For carriers of the G allele at rs13407913, the practical implications are modest and uncertain at the level of this specific variant. The broader ADCY3 biology, however, points to two strategies: supporting ciliary signaling through adequate sleep (cilia are most functional in well-rested hypothalamic neurons), and reducing environmental factors that blunt leptin sensitivity (chronic sleep deprivation, ultra-processed food palatability signals). Emerging evidence also suggests that GLP-1 receptor agonists may partially bypass the ciliary cAMP step in hypothalamic satiety signaling.
Interactions
rs13407913 is within the same gene as rs11676272, the missense variant that drives the established ADCY3 BMI association. Whether rs13407913 is in LD with rs11676272 or represents an independent signal has not been determined in published literature.

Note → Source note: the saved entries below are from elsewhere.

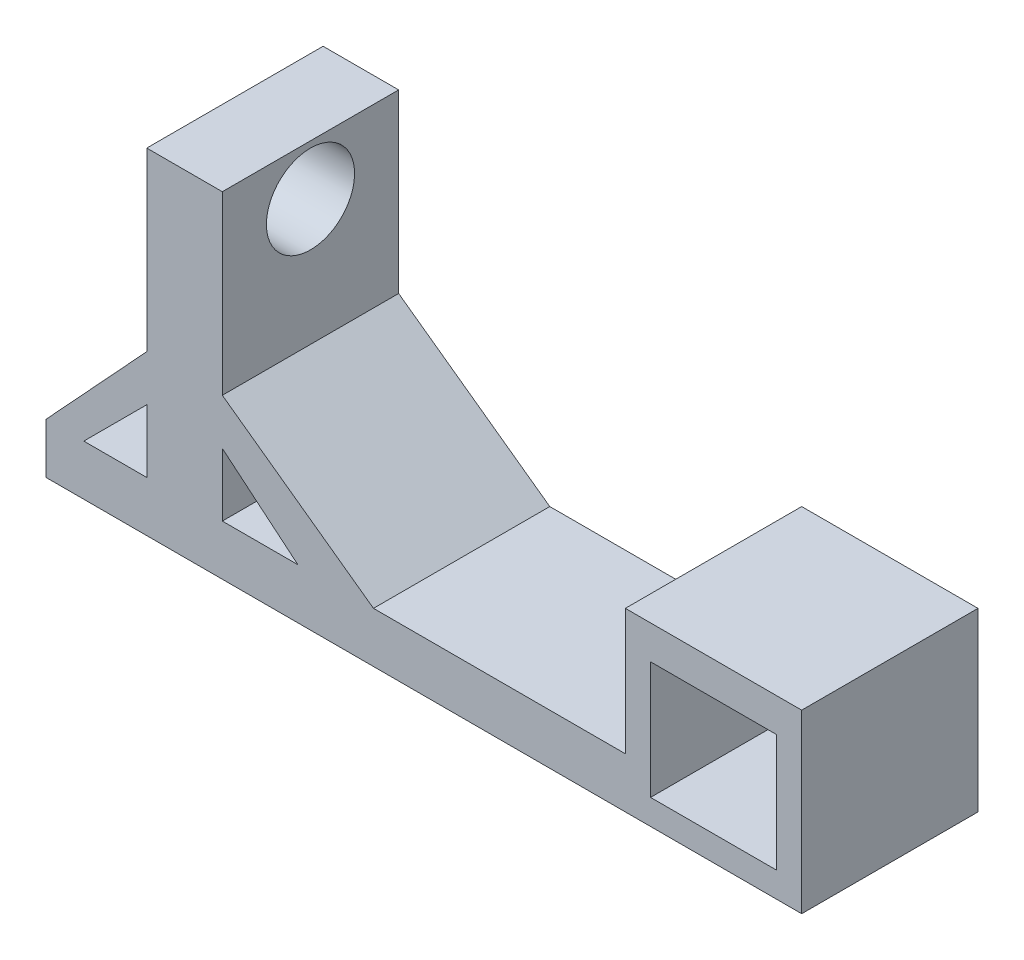
ISO-10303-21;
HEADER;
FILE_DESCRIPTION(('STEP AP214'),'2;1');
FILE_NAME('part.step','',(''),(''),'','','');
FILE_SCHEMA(('AUTOMOTIVE_DESIGN { 1 0 10303 214 1 1 1 1 }'));
ENDSEC;
DATA;
#1=APPLICATION_CONTEXT('core data for automotive mechanical design processes');
#2=APPLICATION_PROTOCOL_DEFINITION('international standard','automotive_design',2000,#1);
#3=PRODUCT_CONTEXT('',#1,'mechanical');
#4=PRODUCT('Part','Part','',(#3));
#5=PRODUCT_RELATED_PRODUCT_CATEGORY('part','',(#4));
#6=PRODUCT_DEFINITION_FORMATION('','',#4);
#7=PRODUCT_DEFINITION_CONTEXT('part definition',#1,'design');
#8=PRODUCT_DEFINITION('design','',#6,#7);
#9=PRODUCT_DEFINITION_SHAPE('','',#8);
#10=(LENGTH_UNIT() NAMED_UNIT(*) SI_UNIT(.MILLI.,.METRE.));
#11=(NAMED_UNIT(*) PLANE_ANGLE_UNIT() SI_UNIT($,.RADIAN.));
#12=(NAMED_UNIT(*) SI_UNIT($,.STERADIAN.) SOLID_ANGLE_UNIT());
#13=UNCERTAINTY_MEASURE_WITH_UNIT(LENGTH_MEASURE(1.E-05),#10,'distance_accuracy_value','');
#14=(GEOMETRIC_REPRESENTATION_CONTEXT(3) GLOBAL_UNCERTAINTY_ASSIGNED_CONTEXT((#13)) GLOBAL_UNIT_ASSIGNED_CONTEXT((#10,
#11,#12)) REPRESENTATION_CONTEXT('',''));
#15=CARTESIAN_POINT('',(0.,0.,0.));
#16=DIRECTION('',(0.,0.,1.));
#17=DIRECTION('',(1.,0.,0.));
#18=AXIS2_PLACEMENT_3D('',#15,#16,#17);
#19=CARTESIAN_POINT('',(-65.25,63.2499999999999,70.));
#20=DIRECTION('',(0.,-1.,0.));
#21=DIRECTION('',(0.,0.,-1.));
#22=AXIS2_PLACEMENT_3D('',#19,#20,#21);
#23=PLANE('',#22);
#24=DIRECTION('',(-1.,0.,0.));
#25=VECTOR('',#24,1.);
#26=CARTESIAN_POINT('',(-65.25,63.2499999999999,0.));
#27=LINE('',#26,#25);
#28=CARTESIAN_POINT('',(-35.25,63.2499999999999,0.));
#29=VERTEX_POINT('',#28);
#30=CARTESIAN_POINT('',(-65.25,63.2499999999999,0.));
#31=VERTEX_POINT('',#30);
#32=EDGE_CURVE('E295',#29,#31,#27,.T.);
#33=ORIENTED_EDGE('',*,*,#32,.T.);
#34=DIRECTION('',(0.,0.,-1.));
#35=VECTOR('',#34,1.);
#36=CARTESIAN_POINT('',(-65.25,63.2499999999999,70.));
#37=LINE('',#36,#35);
#38=CARTESIAN_POINT('',(-65.25,63.2499999999999,70.));
#39=VERTEX_POINT('',#38);
#40=EDGE_CURVE('E11',#39,#31,#37,.T.);
#41=ORIENTED_EDGE('',*,*,#40,.F.);
#42=DIRECTION('',(-1.,0.,0.));
#43=VECTOR('',#42,1.);
#44=CARTESIAN_POINT('',(-65.25,63.2499999999999,70.));
#45=LINE('',#44,#43);
#46=CARTESIAN_POINT('',(-35.25,63.2499999999999,70.));
#47=VERTEX_POINT('',#46);
#48=EDGE_CURVE('E305',#47,#39,#45,.T.);
#49=ORIENTED_EDGE('',*,*,#48,.F.);
#50=DIRECTION('',(0.,0.,-1.));
#51=VECTOR('',#50,1.);
#52=CARTESIAN_POINT('',(-35.25,63.2499999999999,70.));
#53=LINE('',#52,#51);
#54=EDGE_CURVE('E340',#47,#29,#53,.T.);
#55=ORIENTED_EDGE('',*,*,#54,.T.);
#56=EDGE_LOOP('',(#33,#41,#49,#55));
#57=FACE_BOUND('',#56,.T.);
#58=ADVANCED_FACE('F39',(#57),#23,.F.);
#59=CARTESIAN_POINT('',(-65.25,63.2499999999999,70.));
#60=DIRECTION('',(1.,0.,0.));
#61=DIRECTION('',(0.,1.,0.));
#62=AXIS2_PLACEMENT_3D('',#59,#60,#61);
#63=PLANE('',#62);
#64=CARTESIAN_POINT('',(-65.25,43.2499999999999,35.));
#65=DIRECTION('',(1.,0.,0.));
#66=DIRECTION('',(0.,1.,0.));
#67=AXIS2_PLACEMENT_3D('',#64,#65,#66);
#68=CIRCLE('',#67,17.5);
#69=CARTESIAN_POINT('',(-65.25,60.7499999999999,35.));
#70=VERTEX_POINT('',#69);
#71=EDGE_CURVE('E256',#70,#70,#68,.F.);
#72=ORIENTED_EDGE('',*,*,#71,.F.);
#73=EDGE_LOOP('',(#72));
#74=FACE_BOUND('',#73,.T.);
#75=DIRECTION('',(0.,-1.,0.));
#76=VECTOR('',#75,1.);
#77=CARTESIAN_POINT('',(-65.25,63.2499999999999,0.));
#78=LINE('',#77,#76);
#79=CARTESIAN_POINT('',(-65.25,-6.75000000000006,0.));
#80=VERTEX_POINT('',#79);
#81=EDGE_CURVE('E344',#31,#80,#78,.T.);
#82=ORIENTED_EDGE('',*,*,#81,.T.);
#83=DIRECTION('',(0.,0.,-1.));
#84=VECTOR('',#83,1.);
#85=CARTESIAN_POINT('',(-65.25,-6.75000000000006,70.));
#86=LINE('',#85,#84);
#87=CARTESIAN_POINT('',(-65.25,-6.75000000000006,70.));
#88=VERTEX_POINT('',#87);
#89=EDGE_CURVE('E47',#88,#80,#86,.T.);
#90=ORIENTED_EDGE('',*,*,#89,.F.);
#91=DIRECTION('',(0.,-1.,0.));
#92=VECTOR('',#91,1.);
#93=CARTESIAN_POINT('',(-65.25,63.2499999999999,70.));
#94=LINE('',#93,#92);
#95=EDGE_CURVE('E309',#39,#88,#94,.T.);
#96=ORIENTED_EDGE('',*,*,#95,.F.);
#97=ORIENTED_EDGE('',*,*,#40,.T.);
#98=EDGE_LOOP('',(#82,#90,#96,#97));
#99=FACE_BOUND('',#98,.T.);
#100=ADVANCED_FACE('F435',(#74,#99),#63,.F.);
#101=CARTESIAN_POINT('',(-65.25,-6.75000000000006,70.));
#102=DIRECTION('',(0.734152322249424,-0.67898480670467,0.));
#103=DIRECTION('',(0.67898480670467,0.734152322249424,0.));
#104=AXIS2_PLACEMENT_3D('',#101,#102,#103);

ADCY3 ciliary signaling intersects with the leptin receptor pathway (LEPR, rs1137101) — a dysfunctional leptin receptor reduces the upstream signal that ADCY3 would amplify, and impaired ADCY3 reduces the ability to transduce even a normal leptin signal. The functional overlap is biological rather than a documented statistical interaction.
The FTO locus (rs9939609) affects adipocyte thermogenesis via IRX3/IRX5, a distinct mechanism from ADCY3's hypothalamic ciliary role. Individuals carrying risk alleles at both loci would face both peripheral (reduced thermogenesis) and central (impaired satiety signaling) contributors to positive energy balance.